By Sara Heath
– CMS has proposed changes to the Medicare Hospital Outpatient Prospective Payment System (OPPS) to create site-neutral payments, thus allowing senior patients to access the care they need in their preferred care site.
Creating site-neutral payments for Medicare patients would allow CMS to reimburse the same amount of clinic visits in hospital outpatient settings as in the physician office setting.
Currently, CMS must reimburse more for clinic visits, which the agency defines as “essentially check-ups with a clinician,” in outpatient hospital settings than in physician office settings, despite the fact that the agency says both providers are delivering the same type of care.

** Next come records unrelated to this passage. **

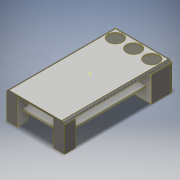
# Autodesk Inventor part: TABLE
Saved by Autodesk Inventor 2019 (Build 230136000, 136)
## iProperties
Created: 2018-12-01
Part Number: TABLE
Material: Generic
Document SubType Name: Modeling
Designer: Manoj
Density: 1 g/cm^3
Appearance: Silver
Author: Manoj
Autodesk Inventor part; units mm, degrees
ref_plane "YZ Plane" through (0, 0, 0) normal (1, 0, 0) x (0, 1, 0)
ref_plane "XY Plane" through (0, 0, 0) normal (0, 0, 1) x (1, 0, 0)
sketch "Sketch1" plane through (0, 0, 0) normal (0, 1, 0) x (-1, 0, 0)
  line L0 (400, 750) -> (-400, 750)
  line L1 (-400, 750) -> (-400, -750)
  line L2 (-400, -750) -> (400, -750)
  line L3 (400, -750) -> (400, 750)
  point P0 (0, 0)
  dimension "d0" = 1500
  dimension "d1" = 800
  dimension "d2" = 400
  dimension "d3" = 750
  constraints: 8 end point, 2 parallel, 1 horizontal, 1 perpendicular
  measures "d0" distance of L2.end L0.start
  measures "d1" distance of L0.start L0.end
  measures "d2" distance from line of point (0, 0) L3
  measures "d3" distance from line of L0 point (0, 0)
sketch "Sketch2" plane through (0, 0, 0) normal (0, 1, 0) x (-1, 0, 0)
  line L0 (400, -750) -> (400, 750) projected
  line L1 (400, 750) -> (-400, 750) projected
  line L2 (-400, -750) -> (400, -750) projected
  line L3 (-400, 750) -> (-400, -750) projected
  line L4 (400, 750) -> (400, 600)
  line L5 (400, 600) -> (250, 600)
  line L6 (250, 600) -> (250, 750)
  line L7 (-400, 750) -> (-250, 750)
  line L8 (-250, 750) -> (-250, 600)
  line L9 (-250, 600) -> (-400, 600)
  line L10 (400, 0) -> (-400, 0) construction
  line L11 (400, -600) -> (250, -600)
  line L12 (250, -600) -> (250, -750)
  line L13 (-250, -750) -> (-250, -600)
  line L14 (-250, -600) -> (-400, -600)
  line L15 (250, -750) -> (400, -750)
  line L16 (400, -600) -> (400, -750)
  line L17 (-400, -750) -> (-250, -750)
  line L18 (-400, -750) -> (-400, -600)
  point P0 (0, 0)
  dimension "d4" = 150
  dimension "d5" = 150
  dimension "d6" = 150
  dimension "d7" = 150
  dimension "d8" = 150
  dimension "d9" = 150
  constraints: 30 end point, 6 symmetric about line, 4 collinear, 4 point on line, 2 midpoint, 2 perpendicular
  measures "d4" distance of L0.end L4.end
  measures "d5" distance of L4.end L5.end
  measures "d6" distance of L5.end L6.end
  measures "d7" distance of L1.end L7.end
  measures "d8" distance of L7.end L8.end
  measures "d9" distance of L8.end L9.end
extrude "Extrusion1" add sketch "Sketch2" against normal blind 360 contours L5 L6 L1 L0
extrude "Extrusion2" add sketch "Sketch2" against normal blind 360 contours L2 L12 L11 L0 | L2 L3 L14 L13 | L8 L9 L3 L1
extrude "Extrusion3" add sketch "Sketch1" along normal blind 25
ref_plane "Work Plane1" through (0, -200, 0) normal (0, 1, 0) x (-1, 0, 0)
sketch "Sketch3" plane through (0, -200, 0) normal (0, 1, 0) x (-1, 0, 0)
  line L0 (250, -750) -> (250, -600) construction
  line L1 (250, -675) -> (325, -675) construction
  line L2 (0, -801.814) -> (0, 857.0329) construction
  line L3 (642.7867, 0) -> (-967.9312, 0) construction
  line L4 (-250, -750) -> (-250, -600) construction
  line L5 (-250, -675) -> (-325, -675) construction
  line L6 (250, 675) -> (325, 675) construction
  line L7 (-250, 675) -> (-325, 675) construction
  line L8 (325, -675) -> (-325, -675)
  line L9 (-325, -675) -> (-325, 675)
  line L10 (-325, 675) -> (325, 675)
  line L11 (325, 675) -> (325, -675)
  point P0 (0, 0)
  dimension "d17" = 75
  constraints: 22 end point, 8 symmetric about line, 3 horizontal, 2 parallel, 1 midpoint, 1 perpendicular, 1 vertical
  measures "d17" distance of L1.start L1.end
extrude "Extrusion4" add sketch "Sketch3" along normal blind 25
sketch "Sketch4" plane through (-250, -360, -600) normal (1, 0, 0) x (0, 0, -1)
  line L0 (150, 385) -> (-1350, 385) projected
  line L1 (0, 0) -> (150, 0) projected
  line L2 (116.9952, 385) -> (150, 385)
  line L3 (150, 385) -> (150, 0)
  line L4 (150, 0) -> (116.9952, 0)
  line L5 (116.9952, 0) -> (116.9952, 385)
  point P0 (-600, 360)
  constraints: 8 end point, 2 parallel, 1 horizontal, 1 perpendicular, 1 point on line
extrude "Extrusion5" add sketch "Sketch4" along normal blind 588.75
sketch "Sketch5" plane through (-250, -360, 750) normal (1, 0, 0) x (0, 0, -1)
  point P0 (750, 360)
sketch "Sketch6" plane through (-250, -175, -600) normal (1, 0, 0) x (0, 0, -1)
  line L0 (0, 175) -> (-1200, 175) projected
  line L1 (0, -185) -> (150, -185) projected
  line L2 (0, 175) -> (112.5772, 175)
  line L3 (112.5772, 175) -> (112.5772, -185)
  line L4 (112.5772, -185) -> (0, -185)
  line L5 (0, -185) -> (0, 175)
  point P0 (-600, 175)
  constraints: 8 end point, 2 parallel, 1 horizontal, 1 perpendicular, 1 point on line
extrude "Extrusion6" add sketch "Sketch6" along normal blind 588.75
sketch "Sketch7" plane through (-400, -360, -600) normal (0, 0, 1) x (1, 0, 0)
  line L0 (800, 360) -> (800, 0) projected
  line L1 (0, 385) -> (800, 385)
  line L2 (800, 385) -> (800, 0)
  line L3 (800, 0) -> (0, 0)
  line L4 (0, 0) -> (0, 385)
  point P0 (400, 360)
  constraints: 8 end point, 2 parallel, 1 horizontal, 1 perpendicular
extrude "Extrusion7" add sketch "Sketch7" along normal blind 155.25
sketch "Sketch8" plane through (0, 0, 0) normal (1, 0, 0) x (0, 1, 0)
  line L0 (0, -462.2615) -> (-345.7489, -462.2615)
  line L1 (-345.7489, -462.2615) -> (-345.7489, -736.9661)
  line L2 (-345.7489, -736.9661) -> (0, -736.9661)
  line L3 (0, -736.9661) -> (0, -462.2615)
  point P0 (0, 0)
  constraints: 8 end point, 2 parallel, 1 horizontal, 1 perpendicular
extrude "Extrusion8" cut sketch "Sketch8" along normal mid plane 790
sketch "Sketch9" plane through (0, 25, 0) normal (0, 1, 0) x (1, 0, 0)
  line L0 (400, -750) -> (400, 750) construction
  point P0 (0, 0)
sketch "Sketch10" plane through (0, 25, 0) normal (0, 1, 0) x (1, 0, 0)
  line L0 (400, -750) -> (400, 750) construction
  line L1 (400, 750) -> (250, 750) construction
  line L2 (400, 600) -> (400, 750) construction
  circle A0 centre (250, 600) radius 100
  point P0 (0, 0)
  dimension "d33" = 200
  constraints: 4 end point, 1 centre point, 1 horizontal
  measures "d33" diameter of A0
extrude "Extrusion9" cut sketch "Sketch10" against normal blind 10
pattern_linear "Rectangular Pattern1" count 3 spacing 250 along (-1, 0, 0) of "Extrusion9"
sketch "Sketch12" plane through (-400, -360, -444.75) normal (0, 0, 1) x (1, 0, 0)
  line L0 (650, 360) -> (650, 0) projected
  line L1 (568.3872, 318.9469) -> (650, 318.9469)
  line L2 (650, 318.9469) -> (650, 241.0156)
  line L3 (650, 241.0156) -> (568.3872, 241.0156)
  line L4 (568.3872, 241.0156) -> (568.3872, 318.9469)
  point P0 (400, 360)
  constraints: 8 end point, 2 parallel, 1 horizontal, 1 perpendicular, 1 point on line
extrude "Extrusion10" add sketch "Sketch12" along normal blind 10
sketch "Sketch13" plane through (-400, -360, -434.75) normal (0, 0, 1) x (1, 0, 0)
  line L0 (596.3872, 318.0662) -> (621.3872, 318.0662)
  line L1 (621.3872, 318.0662) -> (621.3872, 292.1316)
  line L2 (621.3872, 292.1316) -> (596.3872, 292.1316)
  line L3 (596.3872, 292.1316) -> (596.3872, 318.0662)
  line L4 (646.3872, 282.3185) -> (621.3872, 282.3185)
  line L5 (621.3872, 282.3185) -> (621.3872, 259.4213)
  line L6 (621.3872, 259.4213) -> (646.3872, 259.4213)
  line L7 (646.3872, 259.4213) -> (646.3872, 282.3185)
  line L8 (596.3872, 282.3185) -> (571.3872, 282.3185)
  line L9 (571.3872, 282.3185) -> (571.3872, 259.4213)
  line L10 (571.3872, 259.4213) -> (596.3872, 259.4213)
  line L11 (596.3872, 259.4213) -> (596.3872, 282.3185)
  line L12 (568.3872, 318.9469) -> (568.3872, 241.0156) projected
  point P0 (400, 360)
  dimension "d41" = 25
  dimension "d42" = 25
  dimension "d43" = 25
  dimension "d44" = 3
  constraints: 24 end point, 6 parallel, 3 horizontal, 3 perpendicular, 3 point on line, 1 collinear
  measures "d41" distance of L8.start L8.end
  measures "d42" distance of L4.start L4.end
  measures "d43" distance of L1.end L2.end
  measures "d44" distance between parallel lines of L12 L9
extrude "Extrusion11" cut sketch "Sketch13" against normal blind 30
fillet "Fillet1" radius 40 1 edges at (0, 25, -750)
fillet "Fillet2" radius 40 6 edges at (-400, 13.2843, -738.2843) (-400, 25, 20) (-400, -187.5, -750) (400, 13.2843, -738.2843) (400, 25, 20) (400, -187.5, -750)
body "Solid1"

Making site-neutral payments will give patients the freedom to seek clinical care at whichever care site they choose without large financial implications for the Medicare program, the agency said.
The change could also have positive impacts on patients, saving them nearly $150 on copayments for visits in outpatient hospital settings.
CMS also proposed extending site-neutral payments to other sites of care, creating more patient freedom. Specifically, CMS proposes to:
- Expand the number of procedures payable at ASCs to include additional procedures that can safely be performed in that setting;
- Ensure ASC payment for procedures involving certain high-cost devices parallels the payment amount provided to hospital outpatient departments for these devices; and
- Help ensure that ASCs remain competitive by stabilizing the differential between ASC payment rates and hospital outpatient department payment rates.
This most recent CMS announcement also proposed changes to the pharmaceutical landscape both as it relates to rising drug costs and combatting the opioid crisis.